Create a Pod and run Fashion-MNIST application based on the YAML file.

kubectl apply -f orca-tutorial-client.yaml

List all pods to find the driver pod, which will be named as orca-pytorch-job-xxx.

# find out driver pod
kubectl get pods

View logs from the driver pod to retrive the training stats.

# retrive training logs
kubectl logs `orca-pytorch-job-xxx`

After the task finish, you could delete the job as the command below.

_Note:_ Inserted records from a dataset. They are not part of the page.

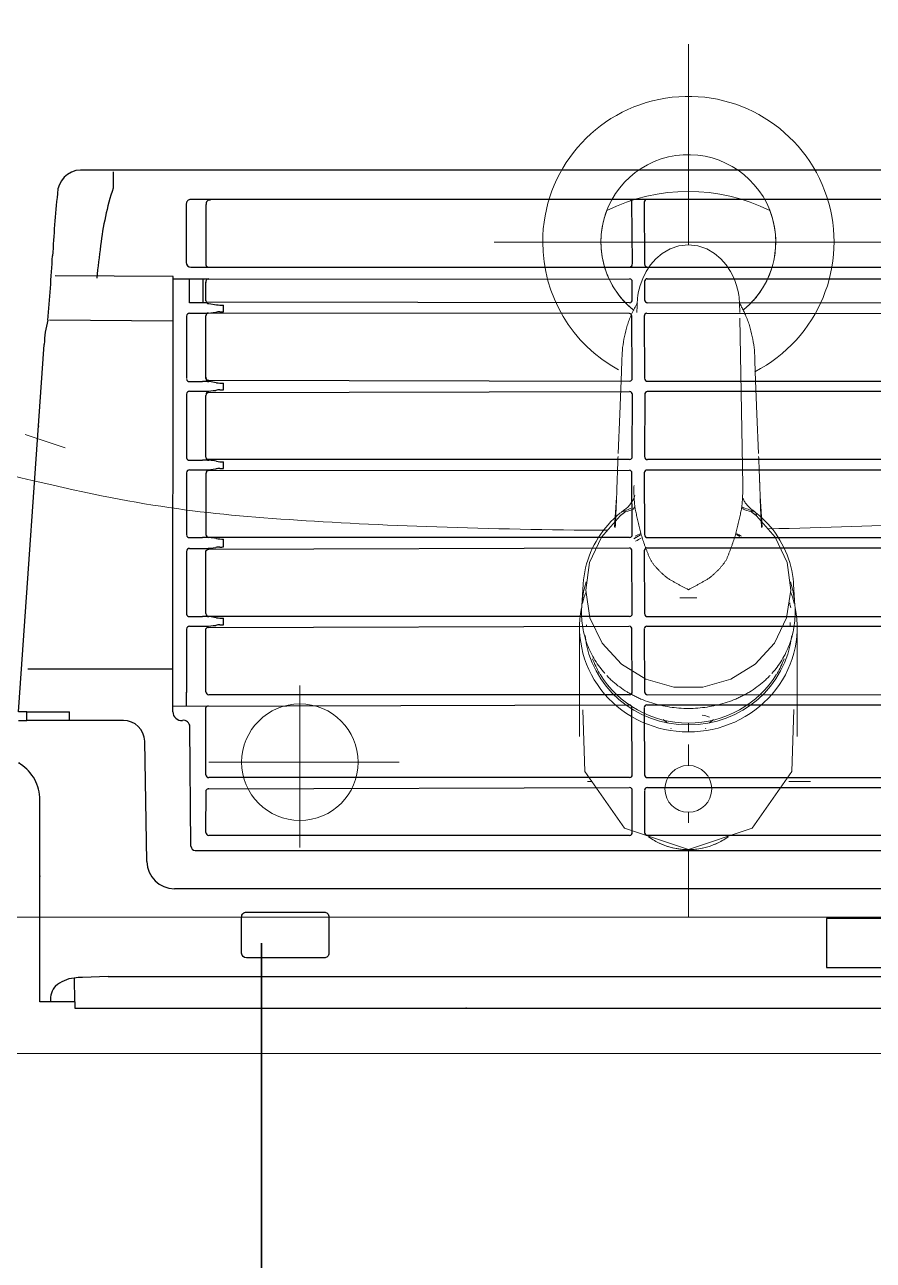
# Model space of a CAD drawing. Header units: millimetres. Extents: x -160614 to 59925, y -157025 to 0.
# Drawn here: x -55318.2 to -55099.8, y -98545.8 to -98227.7 of the extents above; entities that cross this region are included whole.
import ezdxf

# ---------------------------------------------------------------- set-up
doc = ezdxf.new("R2010")
doc.units = ezdxf.units.MM
doc.header["$LTSCALE"] = 8
for name, color, linetype, lineweight in [('72_EGR_EQP_TAG', 9, 'Continuous', 5), ('LOADING', 9, 'Continuous', 5), ('P-SANR-FIXT', 9, 'Continuous', 18), ('P-SANR-FIXT-1', 9, 'Continuous', 13), ('Walls', 9, 'Continuous', 5)]:
    doc.layers.add(name, color=color, linetype=linetype, lineweight=lineweight)
for name, color, linetype in [('A-EXH', 1, 'Continuous'), ('A-Wall-cmu-patt', 9, 'Continuous'), ('DVM_INDOOR', 9, 'Continuous'), ('DVM_UNIT_DP', 9, 'Continuous'), ('DVM_UNIT_LP', 9, 'Continuous'), ('REF', 42, 'Continuous')]:
    doc.layers.add(name, color=color, linetype=linetype)

# ---------------------------------------------------------------- blocks, each defined once
blk = doc.blocks.new('mmmm')
at = {"layer": 'DVM_INDOOR', "color": 0}
for p, q in [((118.9858617999242, -9.25292182223429), (118.9858617999242, -9.254869402234291)), ((118.9858617999242, -9.254869402234291), (118.9878617999242, -9.254834462234292)), ((118.9858617999375, -9.277509146936142), (118.9858617999242, -9.254869402234291)), ((118.9878617999242, -9.252921862234292), (119.0740709999242, -9.258950182234292)), ((118.9878617999242, -9.254834462234292), (118.9878617999242, -9.252921862234292)), ((118.9878617999242, -9.254834462234292), (118.9878617999242, -9.264836172234293)), ((118.9978909999242, -9.289121762234291), (118.9978917999242, -9.255070372234291)), ((119.0794922999242, -9.289007982234292), (119.0797389999241, -9.260193062234295)), ((119.0899818999242, -9.289217072234292), (119.0901190127328, -9.261499085695084)), ((118.9198617999242, -9.266106886896141), (118.9183613999242, -9.266134002234292)), ((118.9183613999255, -9.266134002234267), (118.9183613999242, -9.937961232234292)), ((118.9198617999242, -9.26610688223429), (118.9254393079324, -9.266045894470187)), ((118.98586179993, -9.264835822234291), (118.9878617999242, -9.264836172234293)), ((118.9257821999241, -9.273925315992663), (118.9255777999242, -9.26792237223429)), ((119.1149681999241, -10.06340630223431), (119.1148974002668, -9.267546620952269)), ((118.9257821999241, -9.273925315992663), (118.9257821999241, -9.674221132234292)), ((119.1145353999242, -9.275083912234292), (119.1107363999162, -9.275104459035804)), ((118.9527483592956, -9.283000636917626), (118.9809490619697, -9.282508385411926)), ((118.9463617999242, -9.926362932234289), (118.9463617999242, -9.289498762234292)), ((118.9878617999242, -9.2891217622327), (119.0899818999242, -9.289217072234292)), ((118.9891910008031, -9.289123002792962), (118.9895345855551, -9.396115619937781)), ((119.0893983999241, -9.297480792234293), (119.0893983999241, -9.289216527646245)), ((118.9893140020215, -9.292314698249102), (118.9925018999242, -9.292319632234292)), ((119.0072602361591, -9.292316349762089), (118.992415850816, -9.292333445507156)), ((119.0255142999242, -9.29231640223429), (119.0107375345606, -9.29231640223429)), ((119.0439523427499, -9.292316402234292), (119.0294196999242, -9.292316352234291)), ((119.0624193713406, -9.292317016686416), (119.0474229346238, -9.292333459646676)), ((119.0806944999241, -9.292316402234292), (119.0660569999241, -9.292316402234292)), ((118.9553617999242, -9.294369432234314), (118.9553617999242, -10.03645283223429)), ((118.9563530999242, -9.293369472234291), (118.9843748999241, -9.293124932234292)), ((119.0079575999242, -9.293016352234291), (119.0079357394409, -9.296856293399943)), ((119.0101951999241, -9.293016442234311), (119.0101951999241, -9.296062602234292)), ((119.0262061664967, -9.293016359690744), (119.0261843060134, -9.296856300856394)), ((119.0287568999241, -9.293016369690767), (119.0287568999241, -9.296062529690744)), ((119.0446429999873, -9.293016359690744), (119.0446211395041, -9.296856300856394)), ((119.0468805999873, -9.293016449690766), (119.0468805999873, -9.296062609690743)), ((119.0630850525945, -9.293016359690744), (119.0630631921112, -9.296856300856394)), ((119.0653226525945, -9.293016449690766), (119.0653226525945, -9.296062609690743)), ((119.0813862999873, -9.293016359690744), (119.0813644395041, -9.296856300856394)), ((119.0837716999242, -9.293016442234293), (119.0894807999241, -9.293016442234292)), ((119.0837941999241, -9.29614771223429), (119.0837829499242, -9.293016352234291)), ((118.9588649999241, -9.396266632234292), (118.9588617999242, -9.29754163223429)), ((118.9595556913493, -9.296841658888145), (118.9694708999241, -9.296941762234292)), ((118.9698269999242, -9.297547712234293), (118.9701437999241, -9.396199532234291)), ((118.9724271999192, -9.396266632234212), (118.9724239999192, -9.29754163223421)), ((118.9731178913444, -9.296841658888065), (118.9888616855551, -9.29685784993778)), ((118.9918678999192, -9.39626663223421), (118.9918646999192, -9.29754163223421)), ((118.9925585913443, -9.296841658888065), (119.0073070999241, -9.29685784993778)), ((119.0076631999242, -9.29746379993778), (119.0079799999242, -9.396115619937781)), ((119.0102052999192, -9.396266532192332), (119.0102020999192, -9.297541532192332)), ((119.0108959913444, -9.296841558846188), (119.0256444999242, -9.296857749895903)), ((119.0260005999242, -9.297463699895903), (119.0263067047888, -9.396233805524545)), ((119.0287433999192, -9.396266382192291), (119.0287433999192, -9.297515217883571)), ((119.0292867999242, -9.296941762234292), (119.043861999861, -9.296931577074348)), ((119.0445084999241, -9.297547712234293), (119.0445850999241, -9.39624853223429)), ((119.0470420999192, -9.39626653222025), (119.0470884848256, -9.297050615463125)), ((119.0475874999824, -9.296847619648787), (119.0620912000199, -9.296847662234292)), ((119.0627708999241, -9.297547702234292), (119.0629809222517, -9.396274149136385)), ((119.0656575999242, -9.297547702234292), (119.0654409999241, -9.396225332234291)), ((119.0660295525896, -9.296847619648787), (119.0807644999241, -9.296868862234293)), ((119.0813473999242, -9.396209332234292), (119.0813953024895, -9.297324986390954)), ((119.0836307999824, -9.297541539648787), (119.0833795999873, -9.299316039690744)), ((119.0838093607441, -9.297074224251261), (119.0837941999241, -9.29614771223429)), ((119.0894807999241, -9.29614762223429), (119.0837942998833, -9.29614771223429)), ((119.0838221749192, -9.396266632262142), (119.0839313121572, -9.296967873274724)), ((119.0842763999241, -9.296848959668417), (119.0886284062486, -9.296848304067257)), ((119.0893983999241, -9.297480792234293), (119.0894722881714, -9.396243177553036)), ((119.0925396999241, -9.296941742234292), (119.1068999470414, -9.296941742725402)), ((119.0082952999242, -9.30102361223429), (119.0098429999241, -9.301023662234293)), ((119.0265438664967, -9.301023619690742), (119.0284046999241, -9.301023539690744)), ((119.0449806999873, -9.301023619690742), (119.0465283999873, -9.301023669690744)), ((119.0634227525945, -9.301023619690744), (119.0649704525945, -9.301023669690744)), ((119.0817239999873, -9.301023619690744), (119.0832716999873, -9.301023669690744)), ((118.9595617999257, -9.396898532234372), (118.9694476999241, -9.396898532234292)), ((118.9731239999208, -9.396898532234292), (118.9888384855551, -9.39681461993778)), ((118.9925646999208, -9.396898532234292), (119.0072838999241, -9.39681461993778)), ((119.0109020999208, -9.396898432192415), (119.0256212999241, -9.396814519895903)), ((119.0294401999208, -9.396898282192375), (119.0439001450595, -9.396812446605649)), ((119.0477388999208, -9.396898432220333), (119.0622867078602, -9.39692423419439)), ((119.0661035999208, -9.396898532206379), (119.0806619950594, -9.396790046605648)), ((119.0845189749208, -9.396898532262226), (119.0887802025406, -9.396892247200938)), ((119.0930404047855, -9.396907417835022), (119.1073925352431, -9.396798932234294)), ((118.9694476999241, -9.399778632234291), (118.9595617999242, -9.39977863223429)), ((118.9888384855551, -9.399694719937779), (118.9731239999192, -9.39977863223421)), ((119.0072838999241, -9.399694719937779), (118.9925646999192, -9.399778632234208)), ((119.0256212999242, -9.399694619895902), (119.0109020999192, -9.399778532192329)), ((119.0439001450595, -9.399692546605648), (119.0294401999192, -9.39977838219229)), ((119.0622867078602, -9.399804334194389), (119.0477388999192, -9.39977853222025)), ((119.0806619950595, -9.399670146605647), (119.0661035999192, -9.399778632206296)), ((119.0887802025406, -9.399772347200937), (119.0845189749192, -9.399778632262139)), ((119.1073925352431, -9.39967903223429), (119.0930404047839, -9.39978751783494)), ((118.9588668911435, -9.498283807799274), (118.9588750999241, -9.400341832234293)), ((118.9701437999241, -9.400477732234293), (118.9701437999241, -9.498199532234292)), ((118.9724239999192, -9.400477632234212), (118.9724239999192, -9.498249698790543)), ((118.9895266695798, -9.400289319565974), (118.9895266695798, -9.498183952720119)), ((118.9918646999192, -9.40047763223421), (118.9919170999242, -9.498199932234293)), ((119.0079764999242, -9.400326919937763), (119.0079764999242, -9.498241858984638)), ((119.0102020999192, -9.400477532192332), (119.0102591999242, -9.498203332234233)), ((119.0263138999241, -9.400326819895884), (119.0263067047888, -9.498233755538498)), ((119.0287401999192, -9.40047738219229), (119.0287119749241, -9.498216482220302)), ((119.0445805123786, -9.49829985925162), (119.0445927450595, -9.400324746605632)), ((119.0470106749242, -9.498216432220302), (119.0470388999192, -9.40047753222025)), ((119.0629898085579, -9.498350573428974), (119.0629809222635, -9.4004031153313)), ((119.0654035999192, -9.400477632206295), (119.0654414499242, -9.498241532234292)), ((119.0813545950595, -9.400302346605631), (119.0813419620022, -9.498294058590812)), ((119.08373486191, -9.498207994881636), (119.0838189749192, -9.400477632262142)), ((119.0894728025406, -9.400404547200921), (119.089378294396, -9.498252895449074))]:
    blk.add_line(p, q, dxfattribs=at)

kubectl delete job orca-pytorch-job

6.3.2 K8s Cluster

BigDL has provided an example YAML file (see orca-tutorial-cluster.yaml, which describes a Deployment that runs the intelanalytics/bigdl-k8s:2.1.0 image) to run the tutorial FashionMNIST program on k8s-cluster mode:

Notes:

Please call init_orca_context at very begining part of each Orca program.

from bigdl.orca import init_orca_context

init_orca_context(cluster_mode="spark-submit")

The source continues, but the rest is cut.